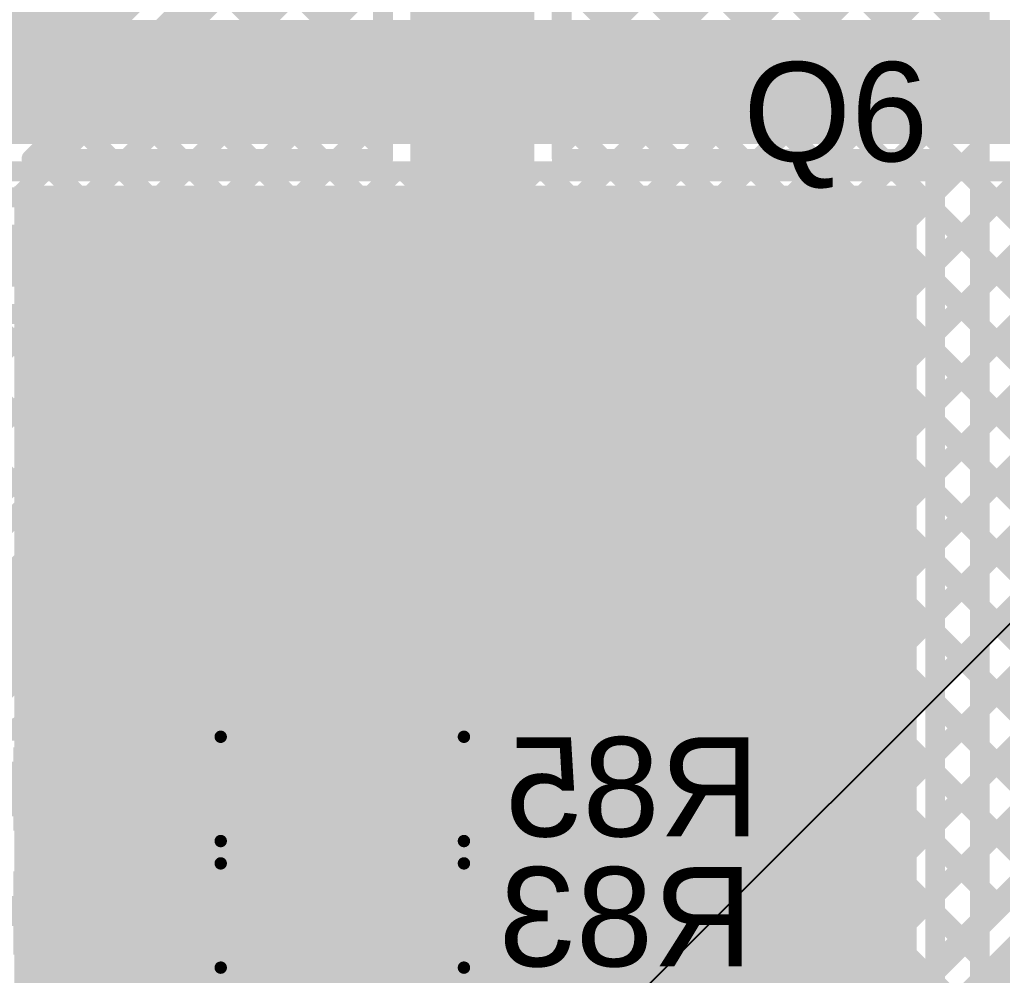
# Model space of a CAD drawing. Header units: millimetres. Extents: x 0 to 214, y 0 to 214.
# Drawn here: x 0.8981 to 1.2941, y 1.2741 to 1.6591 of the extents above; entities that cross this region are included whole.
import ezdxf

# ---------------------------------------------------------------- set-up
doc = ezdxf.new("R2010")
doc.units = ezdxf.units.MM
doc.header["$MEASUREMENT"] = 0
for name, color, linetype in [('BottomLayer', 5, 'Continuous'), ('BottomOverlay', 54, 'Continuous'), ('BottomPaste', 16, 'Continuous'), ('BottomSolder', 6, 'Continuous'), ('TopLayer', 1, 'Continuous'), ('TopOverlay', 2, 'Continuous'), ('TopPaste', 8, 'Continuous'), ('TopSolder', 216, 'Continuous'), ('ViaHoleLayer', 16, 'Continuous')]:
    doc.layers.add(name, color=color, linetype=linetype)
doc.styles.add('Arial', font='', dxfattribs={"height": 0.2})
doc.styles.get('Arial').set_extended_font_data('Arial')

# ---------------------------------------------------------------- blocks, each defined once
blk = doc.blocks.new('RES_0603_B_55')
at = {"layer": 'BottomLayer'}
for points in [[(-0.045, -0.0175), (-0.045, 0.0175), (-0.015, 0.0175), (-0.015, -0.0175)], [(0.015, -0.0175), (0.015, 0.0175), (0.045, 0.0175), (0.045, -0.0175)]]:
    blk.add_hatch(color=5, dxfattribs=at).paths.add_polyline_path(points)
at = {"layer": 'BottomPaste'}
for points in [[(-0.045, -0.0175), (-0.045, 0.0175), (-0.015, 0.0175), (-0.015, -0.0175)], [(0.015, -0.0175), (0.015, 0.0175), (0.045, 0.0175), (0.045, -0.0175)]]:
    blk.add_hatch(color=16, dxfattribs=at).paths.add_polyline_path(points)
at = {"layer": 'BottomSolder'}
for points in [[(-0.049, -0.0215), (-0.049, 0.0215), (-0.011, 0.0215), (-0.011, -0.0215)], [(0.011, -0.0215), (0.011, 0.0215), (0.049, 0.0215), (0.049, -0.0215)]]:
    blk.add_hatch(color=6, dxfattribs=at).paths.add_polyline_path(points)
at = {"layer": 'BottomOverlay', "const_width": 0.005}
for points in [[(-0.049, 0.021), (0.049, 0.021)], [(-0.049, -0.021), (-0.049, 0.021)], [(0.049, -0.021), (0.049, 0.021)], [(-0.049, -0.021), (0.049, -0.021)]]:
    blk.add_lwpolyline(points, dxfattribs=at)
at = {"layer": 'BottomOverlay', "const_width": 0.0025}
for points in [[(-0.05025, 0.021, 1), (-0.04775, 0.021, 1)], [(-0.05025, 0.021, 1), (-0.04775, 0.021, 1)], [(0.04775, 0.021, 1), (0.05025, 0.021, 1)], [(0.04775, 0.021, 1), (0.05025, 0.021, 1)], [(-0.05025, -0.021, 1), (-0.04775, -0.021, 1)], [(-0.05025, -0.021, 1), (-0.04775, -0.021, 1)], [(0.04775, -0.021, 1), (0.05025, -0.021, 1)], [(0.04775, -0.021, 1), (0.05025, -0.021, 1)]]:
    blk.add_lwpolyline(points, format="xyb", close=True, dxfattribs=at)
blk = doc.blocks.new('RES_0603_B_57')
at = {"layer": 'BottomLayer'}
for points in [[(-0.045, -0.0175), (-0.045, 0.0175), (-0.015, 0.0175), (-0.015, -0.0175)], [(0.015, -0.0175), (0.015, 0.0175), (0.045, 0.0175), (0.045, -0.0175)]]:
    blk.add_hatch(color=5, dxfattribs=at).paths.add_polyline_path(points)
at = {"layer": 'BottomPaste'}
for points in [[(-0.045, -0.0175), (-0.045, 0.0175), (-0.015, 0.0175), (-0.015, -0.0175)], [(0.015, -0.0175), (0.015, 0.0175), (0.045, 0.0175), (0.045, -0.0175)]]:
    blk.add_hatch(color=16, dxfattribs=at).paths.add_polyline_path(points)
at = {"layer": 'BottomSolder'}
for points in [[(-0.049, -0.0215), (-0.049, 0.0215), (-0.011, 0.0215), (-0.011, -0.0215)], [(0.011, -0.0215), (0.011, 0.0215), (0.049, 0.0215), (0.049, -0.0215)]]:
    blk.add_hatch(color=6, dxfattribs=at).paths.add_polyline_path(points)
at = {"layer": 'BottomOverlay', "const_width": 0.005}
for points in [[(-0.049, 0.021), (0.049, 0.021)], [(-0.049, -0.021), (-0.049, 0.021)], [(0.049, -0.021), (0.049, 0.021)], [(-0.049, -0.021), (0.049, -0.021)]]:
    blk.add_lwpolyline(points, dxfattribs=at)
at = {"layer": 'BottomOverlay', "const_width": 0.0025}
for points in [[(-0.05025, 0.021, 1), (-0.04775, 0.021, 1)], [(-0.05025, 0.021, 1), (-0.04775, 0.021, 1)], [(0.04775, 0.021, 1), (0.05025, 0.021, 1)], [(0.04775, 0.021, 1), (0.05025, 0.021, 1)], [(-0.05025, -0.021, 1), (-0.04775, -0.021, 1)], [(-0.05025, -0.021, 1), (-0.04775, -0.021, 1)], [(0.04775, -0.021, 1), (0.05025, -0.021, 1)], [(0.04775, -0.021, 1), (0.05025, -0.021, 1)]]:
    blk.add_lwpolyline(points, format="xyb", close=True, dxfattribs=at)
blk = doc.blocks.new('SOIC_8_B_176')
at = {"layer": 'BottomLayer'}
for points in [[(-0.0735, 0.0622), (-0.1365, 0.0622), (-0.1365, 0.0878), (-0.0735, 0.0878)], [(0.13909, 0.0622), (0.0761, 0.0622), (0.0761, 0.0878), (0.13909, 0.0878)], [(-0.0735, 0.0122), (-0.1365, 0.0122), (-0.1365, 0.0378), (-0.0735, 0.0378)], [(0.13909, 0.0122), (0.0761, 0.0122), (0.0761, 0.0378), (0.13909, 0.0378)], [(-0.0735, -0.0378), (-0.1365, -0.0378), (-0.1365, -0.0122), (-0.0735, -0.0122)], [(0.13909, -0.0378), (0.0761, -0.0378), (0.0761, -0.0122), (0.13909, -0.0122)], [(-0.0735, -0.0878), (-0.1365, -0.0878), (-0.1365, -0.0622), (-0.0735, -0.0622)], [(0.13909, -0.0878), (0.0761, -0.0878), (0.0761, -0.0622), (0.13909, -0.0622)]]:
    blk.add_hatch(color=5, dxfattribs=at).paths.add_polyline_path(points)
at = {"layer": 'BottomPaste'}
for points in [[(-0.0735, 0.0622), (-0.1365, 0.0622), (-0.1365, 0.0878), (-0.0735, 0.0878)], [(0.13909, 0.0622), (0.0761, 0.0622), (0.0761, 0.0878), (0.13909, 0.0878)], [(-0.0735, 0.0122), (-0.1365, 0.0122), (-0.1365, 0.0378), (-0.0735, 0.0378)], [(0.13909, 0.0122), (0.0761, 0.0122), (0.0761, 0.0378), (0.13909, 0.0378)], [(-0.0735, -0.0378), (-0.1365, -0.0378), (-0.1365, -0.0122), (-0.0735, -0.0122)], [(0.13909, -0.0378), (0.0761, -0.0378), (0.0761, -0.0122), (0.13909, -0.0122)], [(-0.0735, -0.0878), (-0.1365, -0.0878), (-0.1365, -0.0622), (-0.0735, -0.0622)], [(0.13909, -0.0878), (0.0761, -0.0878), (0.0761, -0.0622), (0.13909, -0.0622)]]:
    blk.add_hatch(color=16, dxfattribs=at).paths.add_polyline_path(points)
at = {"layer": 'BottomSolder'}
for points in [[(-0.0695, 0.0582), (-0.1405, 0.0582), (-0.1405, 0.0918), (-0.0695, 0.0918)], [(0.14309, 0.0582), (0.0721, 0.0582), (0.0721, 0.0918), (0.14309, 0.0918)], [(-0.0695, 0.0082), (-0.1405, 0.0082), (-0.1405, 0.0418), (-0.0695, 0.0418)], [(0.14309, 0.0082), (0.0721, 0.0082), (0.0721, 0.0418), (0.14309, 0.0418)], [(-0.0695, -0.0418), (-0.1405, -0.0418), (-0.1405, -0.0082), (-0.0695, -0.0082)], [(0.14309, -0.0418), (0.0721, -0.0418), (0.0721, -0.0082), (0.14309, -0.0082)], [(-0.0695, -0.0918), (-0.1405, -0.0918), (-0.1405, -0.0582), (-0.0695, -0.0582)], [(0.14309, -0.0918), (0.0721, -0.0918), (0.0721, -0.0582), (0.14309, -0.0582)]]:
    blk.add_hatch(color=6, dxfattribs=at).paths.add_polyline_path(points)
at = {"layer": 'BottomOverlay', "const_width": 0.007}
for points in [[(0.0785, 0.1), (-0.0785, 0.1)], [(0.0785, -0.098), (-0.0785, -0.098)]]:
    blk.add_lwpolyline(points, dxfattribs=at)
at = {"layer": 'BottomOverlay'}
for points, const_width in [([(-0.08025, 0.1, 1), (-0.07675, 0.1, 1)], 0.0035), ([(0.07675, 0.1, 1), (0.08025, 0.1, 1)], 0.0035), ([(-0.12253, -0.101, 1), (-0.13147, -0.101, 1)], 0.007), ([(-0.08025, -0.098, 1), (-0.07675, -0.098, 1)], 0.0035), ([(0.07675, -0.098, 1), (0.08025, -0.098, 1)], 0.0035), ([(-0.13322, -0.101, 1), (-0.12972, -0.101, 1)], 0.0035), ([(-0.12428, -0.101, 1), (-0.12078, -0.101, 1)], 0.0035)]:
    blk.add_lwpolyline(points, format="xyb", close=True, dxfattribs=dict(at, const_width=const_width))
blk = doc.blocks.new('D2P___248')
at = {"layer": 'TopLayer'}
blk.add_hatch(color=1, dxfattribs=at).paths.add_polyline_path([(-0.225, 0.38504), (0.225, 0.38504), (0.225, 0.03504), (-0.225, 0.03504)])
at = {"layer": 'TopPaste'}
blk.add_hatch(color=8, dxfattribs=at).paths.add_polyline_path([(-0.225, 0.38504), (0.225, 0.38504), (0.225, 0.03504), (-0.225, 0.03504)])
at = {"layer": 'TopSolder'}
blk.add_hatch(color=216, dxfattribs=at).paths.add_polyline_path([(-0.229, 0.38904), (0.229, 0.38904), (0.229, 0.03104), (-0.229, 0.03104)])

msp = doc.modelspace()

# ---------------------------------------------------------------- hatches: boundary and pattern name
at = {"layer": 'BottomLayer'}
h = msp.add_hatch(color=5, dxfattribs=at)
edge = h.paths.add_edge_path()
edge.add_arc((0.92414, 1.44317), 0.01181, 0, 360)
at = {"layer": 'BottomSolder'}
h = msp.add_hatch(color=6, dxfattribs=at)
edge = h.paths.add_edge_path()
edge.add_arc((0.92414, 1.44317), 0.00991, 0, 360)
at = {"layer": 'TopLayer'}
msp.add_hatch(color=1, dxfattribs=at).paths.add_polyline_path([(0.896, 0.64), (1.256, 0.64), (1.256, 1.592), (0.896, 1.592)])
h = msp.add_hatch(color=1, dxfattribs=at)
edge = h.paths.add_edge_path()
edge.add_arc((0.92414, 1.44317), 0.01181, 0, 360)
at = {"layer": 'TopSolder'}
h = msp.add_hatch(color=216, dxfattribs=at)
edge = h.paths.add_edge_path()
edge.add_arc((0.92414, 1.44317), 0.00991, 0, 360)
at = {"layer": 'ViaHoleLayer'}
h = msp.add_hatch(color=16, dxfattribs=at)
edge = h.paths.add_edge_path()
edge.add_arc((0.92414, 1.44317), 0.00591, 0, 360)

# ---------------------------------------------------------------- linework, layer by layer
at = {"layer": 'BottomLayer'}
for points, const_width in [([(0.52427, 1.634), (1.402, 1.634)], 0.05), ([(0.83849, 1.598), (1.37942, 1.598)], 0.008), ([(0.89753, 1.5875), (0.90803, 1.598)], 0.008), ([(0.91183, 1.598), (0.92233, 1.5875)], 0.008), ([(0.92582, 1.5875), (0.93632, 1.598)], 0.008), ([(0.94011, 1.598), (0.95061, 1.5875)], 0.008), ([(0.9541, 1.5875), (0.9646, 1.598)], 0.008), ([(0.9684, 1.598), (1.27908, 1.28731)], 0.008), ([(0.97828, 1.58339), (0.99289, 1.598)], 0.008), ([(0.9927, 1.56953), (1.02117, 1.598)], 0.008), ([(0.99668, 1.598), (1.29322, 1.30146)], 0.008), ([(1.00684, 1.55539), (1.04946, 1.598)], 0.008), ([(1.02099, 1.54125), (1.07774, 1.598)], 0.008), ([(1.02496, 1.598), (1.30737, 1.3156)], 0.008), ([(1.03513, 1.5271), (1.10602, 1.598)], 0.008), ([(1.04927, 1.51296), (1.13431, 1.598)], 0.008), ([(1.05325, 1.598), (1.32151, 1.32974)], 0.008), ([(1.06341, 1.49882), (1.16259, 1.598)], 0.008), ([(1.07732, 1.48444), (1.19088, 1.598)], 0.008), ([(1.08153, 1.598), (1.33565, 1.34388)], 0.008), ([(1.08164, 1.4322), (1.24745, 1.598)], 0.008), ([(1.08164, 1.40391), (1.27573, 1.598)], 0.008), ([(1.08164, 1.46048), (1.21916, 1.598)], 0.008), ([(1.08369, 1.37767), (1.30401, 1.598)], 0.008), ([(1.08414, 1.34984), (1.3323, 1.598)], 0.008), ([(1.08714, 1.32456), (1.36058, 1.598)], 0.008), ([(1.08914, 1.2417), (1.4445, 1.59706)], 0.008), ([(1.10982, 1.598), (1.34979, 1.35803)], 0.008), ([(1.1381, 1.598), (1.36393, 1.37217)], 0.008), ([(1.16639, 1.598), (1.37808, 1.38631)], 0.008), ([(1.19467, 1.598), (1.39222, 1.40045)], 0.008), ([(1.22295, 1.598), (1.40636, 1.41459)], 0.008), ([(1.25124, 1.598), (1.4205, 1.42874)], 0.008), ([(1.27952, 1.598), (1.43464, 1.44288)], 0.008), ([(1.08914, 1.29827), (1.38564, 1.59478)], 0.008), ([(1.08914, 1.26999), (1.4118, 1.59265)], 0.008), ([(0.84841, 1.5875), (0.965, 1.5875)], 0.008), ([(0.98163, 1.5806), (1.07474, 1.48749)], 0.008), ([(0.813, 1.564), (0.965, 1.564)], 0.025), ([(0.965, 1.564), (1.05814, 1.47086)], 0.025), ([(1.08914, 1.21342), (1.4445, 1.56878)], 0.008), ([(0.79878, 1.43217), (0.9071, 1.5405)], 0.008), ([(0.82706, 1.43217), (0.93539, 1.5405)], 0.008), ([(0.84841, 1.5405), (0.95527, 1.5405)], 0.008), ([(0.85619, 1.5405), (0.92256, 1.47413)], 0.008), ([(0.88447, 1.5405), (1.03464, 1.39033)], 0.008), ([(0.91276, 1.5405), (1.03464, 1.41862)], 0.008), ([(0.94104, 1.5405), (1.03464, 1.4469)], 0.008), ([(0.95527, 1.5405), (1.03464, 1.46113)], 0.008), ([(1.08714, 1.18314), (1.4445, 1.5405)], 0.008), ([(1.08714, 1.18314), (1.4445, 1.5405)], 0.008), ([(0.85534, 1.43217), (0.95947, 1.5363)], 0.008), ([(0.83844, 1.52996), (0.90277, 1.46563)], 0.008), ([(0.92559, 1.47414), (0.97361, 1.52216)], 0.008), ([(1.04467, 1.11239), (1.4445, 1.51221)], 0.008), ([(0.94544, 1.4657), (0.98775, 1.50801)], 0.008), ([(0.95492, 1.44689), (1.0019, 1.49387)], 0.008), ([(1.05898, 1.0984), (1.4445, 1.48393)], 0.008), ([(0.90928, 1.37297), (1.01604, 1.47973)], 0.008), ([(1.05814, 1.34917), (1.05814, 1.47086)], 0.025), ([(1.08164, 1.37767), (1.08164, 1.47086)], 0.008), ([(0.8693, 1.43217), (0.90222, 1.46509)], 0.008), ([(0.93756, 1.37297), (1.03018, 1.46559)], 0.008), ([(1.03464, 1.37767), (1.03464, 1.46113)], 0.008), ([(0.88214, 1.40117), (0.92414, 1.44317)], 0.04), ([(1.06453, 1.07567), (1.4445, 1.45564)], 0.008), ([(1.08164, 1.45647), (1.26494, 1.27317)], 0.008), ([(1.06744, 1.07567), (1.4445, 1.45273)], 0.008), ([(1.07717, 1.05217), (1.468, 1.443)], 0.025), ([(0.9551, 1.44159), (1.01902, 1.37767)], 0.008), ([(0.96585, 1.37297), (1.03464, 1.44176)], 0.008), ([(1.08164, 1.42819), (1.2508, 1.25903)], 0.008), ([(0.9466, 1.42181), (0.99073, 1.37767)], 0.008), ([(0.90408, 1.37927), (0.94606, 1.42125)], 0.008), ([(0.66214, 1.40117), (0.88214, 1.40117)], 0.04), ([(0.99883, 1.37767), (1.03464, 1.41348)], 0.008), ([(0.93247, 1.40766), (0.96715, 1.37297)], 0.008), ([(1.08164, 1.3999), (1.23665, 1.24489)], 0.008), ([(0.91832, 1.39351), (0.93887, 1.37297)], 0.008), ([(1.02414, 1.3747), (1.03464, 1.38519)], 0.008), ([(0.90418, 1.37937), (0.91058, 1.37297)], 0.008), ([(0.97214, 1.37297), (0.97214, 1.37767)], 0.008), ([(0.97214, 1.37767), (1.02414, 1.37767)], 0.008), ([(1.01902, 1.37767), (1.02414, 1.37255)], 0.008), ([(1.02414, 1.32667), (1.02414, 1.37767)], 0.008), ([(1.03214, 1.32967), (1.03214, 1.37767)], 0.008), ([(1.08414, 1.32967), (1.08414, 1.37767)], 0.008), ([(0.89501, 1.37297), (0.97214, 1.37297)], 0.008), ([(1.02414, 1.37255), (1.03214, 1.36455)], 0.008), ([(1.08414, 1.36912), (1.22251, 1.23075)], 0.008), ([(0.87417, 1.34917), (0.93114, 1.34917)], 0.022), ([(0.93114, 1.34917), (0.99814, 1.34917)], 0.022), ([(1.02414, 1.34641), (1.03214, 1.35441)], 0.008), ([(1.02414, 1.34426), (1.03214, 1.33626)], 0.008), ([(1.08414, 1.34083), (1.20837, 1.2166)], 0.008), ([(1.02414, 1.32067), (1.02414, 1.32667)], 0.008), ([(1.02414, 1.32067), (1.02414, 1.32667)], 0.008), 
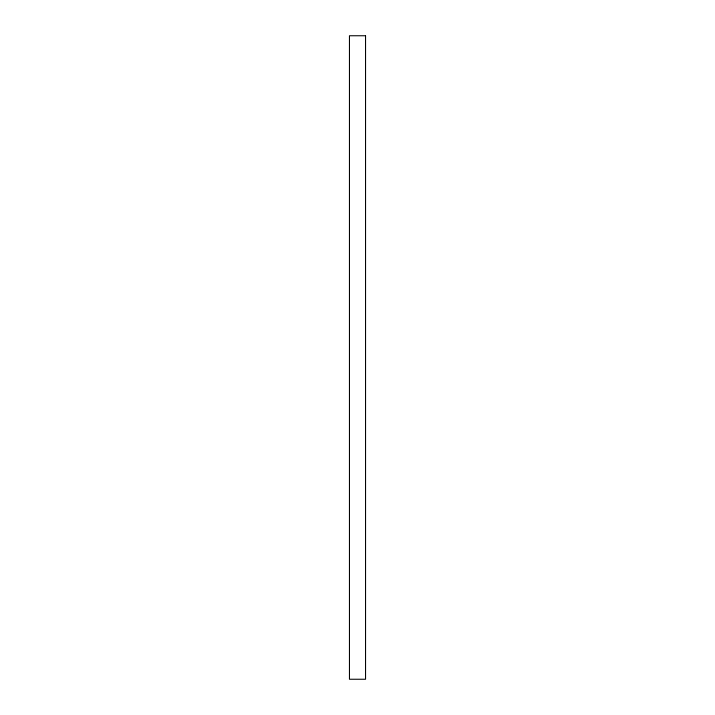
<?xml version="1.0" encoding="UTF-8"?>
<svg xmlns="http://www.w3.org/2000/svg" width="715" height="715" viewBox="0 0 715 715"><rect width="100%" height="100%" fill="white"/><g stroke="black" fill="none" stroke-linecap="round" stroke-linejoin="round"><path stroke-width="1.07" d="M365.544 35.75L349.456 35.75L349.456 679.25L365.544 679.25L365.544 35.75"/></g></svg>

****************

What you will do:
Whenever the string "ezdxf" turns up in a line of the data, copy that line.

Answer to the exercise:
import ezdxf
doc = ezdxf.new("R2010")
doc.units = ezdxf.units.MM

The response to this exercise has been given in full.